话还没落,沈烈手里长枪暴起,整个人一瞬间越过马头大半,枪头染血红缨扑的一下散开,随即被热血再次浸湿,人过,枪收,拳打脚踢撞飞几个,身后的史天泽捂住了咽喉,翻身从马上落下,他的卫兵急促的拉马,那边的薛怯军在转向绕过这群反向的士兵。
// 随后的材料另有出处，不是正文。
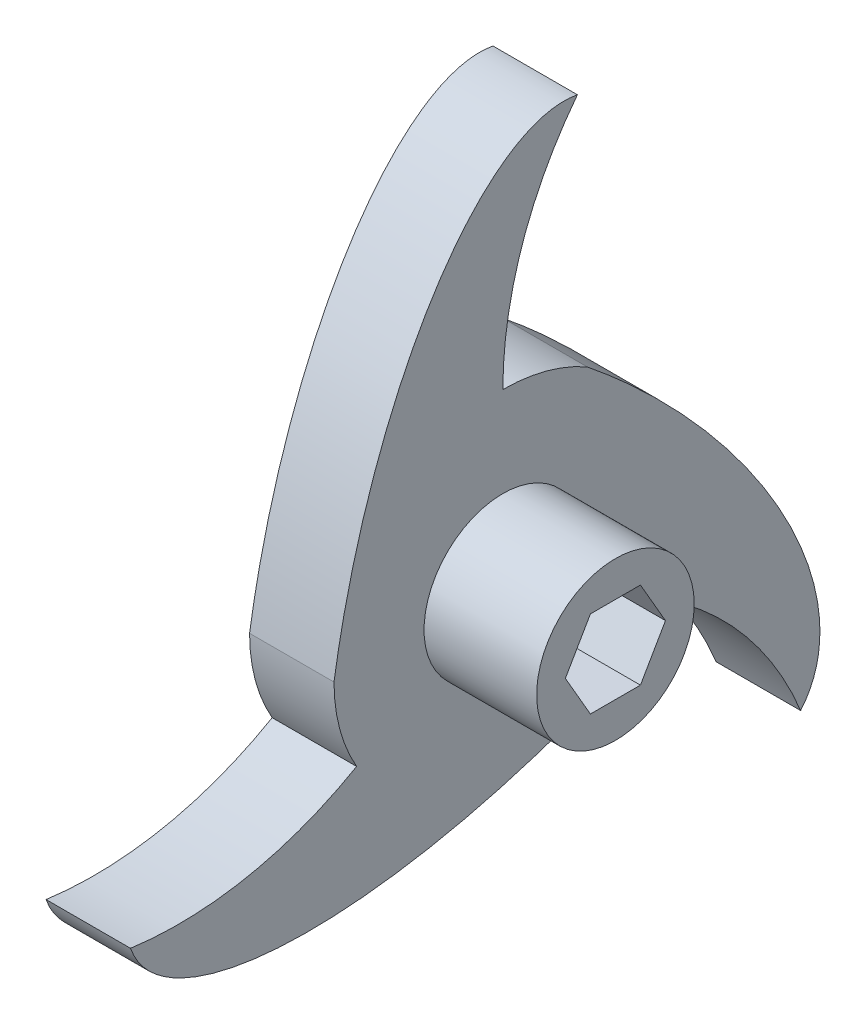
SolidWorks part; units mm, degrees
material "ABS"
ref_plane "Front Plane" through (0, 0, 0) normal (0, 0, 1) x (1, 0, 0)
ref_plane "Top Plane" through (0, 0, 0) normal (0, 1, 0) x (1, 0, 0)
ref_plane "Right Plane" through (0, 0, 0) normal (1, 0, 0) x (0, 0, -1)
sketch "Sketch1" plane through (0, 0, 0) normal (1, 0, 0) x (0, 0, -1)
  line L0 (0, 19.05) -> (101.4565, 19.05) construction
  line L1 (0, 0) -> (0, -44.45) construction
  line L2 (55, 0) -> (-55, 0) construction
  line L3 (0, 0) -> (-44.45, 0) construction
  line L5 (5.6459, 0) -> (2.823, 4.8895)
  line L6 (2.823, 4.8895) -> (-2.823, 4.8895)
  line L7 (-2.823, 4.8895) -> (-5.6459, 0)
  line L8 (-5.6459, 0) -> (-2.823, -4.8895)
  line L9 (-2.823, -4.8895) -> (2.823, -4.8895)
  line L10 (2.823, -4.8895) -> (5.6459, 0)
  circle A0 centre (0, 0) radius 19.05
  circle A1 centre (0, 0) radius 44.45
  arc A2 (0, 19.05) -> (8.4133, 43.6465) centre (40.1609, 19.05) cw
  arc A3 (16.4978, -9.525) -> (33.5923, -29.1094) centre (-3.5827, -44.3054) cw
  arc A4 (-16.4978, -9.525) -> (-42.0056, -14.5371) centre (-36.5782, 25.2554) cw
  circle A5 centre (0, 0) radius 4.8895 construction
  circle A6 centre (0, 0) radius 8.89
  ellipse E0 centre (0, 0) end of major axis (-8.4133, -43.6465) minor radius 18.7675 (8.4133, 43.6465) -> (-19.05, 0) ccw
  ellipse E1 centre (0, 0) end of major axis (33.5923, -29.1094) minor radius 18.7675 (33.5923, -29.1094) -> (9.525, 16.4978) ccw
  ellipse E2 centre (0, 0) end of major axis (-42.0056, -14.5371) minor radius 18.7675 (-42.0056, -14.5371) -> (9.525, -16.4978) ccw
  point P35 (0, 0)
  point P37 (0, 0)
  dimension "D1" = 38.1
  dimension "D2" = 88.9
  dimension "D5" = 9.779
  dimension "D6" = 17.78
  dimension "D3" = 90
  dimension "D7" = 49.3395
  dimension "D4" = 3
extrude "Boss-Extrude2" add sketch "Sketch1" along normal blind 9.525 contours A6 L10 L9 L8 L7 L6 L5 | A0 E2 E1 E0 A6 | A2 E0 A0 | A4 E2 A0 | A3 E1 A0 region at (0, 13.776, -11.9376) region at (0, 27.8134, 4.4553) region at (0, -10.0483, -26.3148) region at (0, -17.7652, 21.8595) region at (0, 0, 8.6386)
extrude "Boss-Extrude4" add sketch "Sketch1<7>" along normal blind 22.225 contours A6 L10 L9 L8 L7 L6 L5 region at (0, 0, 8.6386)
sketch "Sketch1<7>" plane through (0, 0, 0) normal (1, 0, 0) x (0, 0, -1) same geometry as "Sketch1"

一时间沈烈身后人马距离再次被拉开。这狗头不依不饶,回头手中又是连珠射出。
薛怯军一下给挂了五六个,一个个死不瞑目。
不过比起他们地位更重要的东道军主帅史天泽此刻已经魂飞魄散,他的亲卫们全红了眼睛要追沈烈,再看那白痴已经手舞足蹈的杀进了跟随史天泽冲来的中军。
狠狠的刺挑撞,扫砸荡。
如入无人之境。
城头宋军上下看着热血上涌,无不大声喝彩,沈烈横枪发力,轰的一下将史天泽大旗砸断,身前身后元人已经不敢靠近。
回马,抬枪:“欺我中原无好汉?史天泽已死!回告蒙哥,即刻撤兵不然本将取他狗头!”
元人被他声势所惊。之前鼓起的血勇在追击他的过程中也逐渐消失了,史天泽死不瞑目的躺在了地上,沿途凡是撞上他的军阵中都有一条血路,活着的士兵虽然原地重组,可是地上的尸体却无法即刻消失,看着军阵里零落的狗啃一般。
多少缺口多少命!一目了然。
元人丧胆,沈烈转马向着钓鱼城而来。
王坚周围士兵全看向了王坚。王坚毫不犹豫的道:“鸣鼓出关,恭迎如此良将!不,是盖世猛将!”
“是!”合军大呼。
更添沈烈高呼血战扫荡沙场的威风,听到钓鱼城上战鼓轰鸣,关门大开,一列列宋军冲了出来在旷野结阵。史天泽部将咬牙切齿的刚刚要抬手。沈烈如鬼魅似的转身,电光似的扑向了他,所向处元军人人面色发白紧张的喊叫。
千八百步开外,弯弓斜对苍天,一箭在所有元人注视下,看似缓慢实则神速的画一个抛物线,元将要让已经来不及。
扑的一下贯顶而下。
沈烈大喝:“退是不退?”作势要提缰再战,史天泽余部哄的一下齐齐后退,军阵中随即响起了收兵金声,宋军能看的出元人元将们那副松了口气的样子。
薛怯军留下士兵一部在这里看着战局,有士兵飞马回头去报蒙哥史天泽被杀的消息。
整个元人大军死气沉沉的,钓鱼城外一片的安静,只有那队报信的元骑兵马蹄声滴滴答答的急如骤雨,可是在这广阔天地间又是如此的单薄。
沈烈在宋军欢呼下已经骑马入关,两侧宋军遂徐徐而退,盾牌殿后,城头弓弩扬起,砰的一下,吊桥城门再次关上。
而东新门内陈兵处,王坚大步向前:“将军威武。”
“不敢,杨过参见王统制!”
杨过?
沈烈恶趣味的心中偷笑着,面容上却一本正经:“先祖杨再兴!”
王坚大惊失色,忠良之后,小商河的杨再兴将军?连挑战车无数,可惜是马力衰竭害了盖世忠良,传闻将军身亡时体内箭镞十余斤!
怪不得杨过他旷野屠人势不可挡。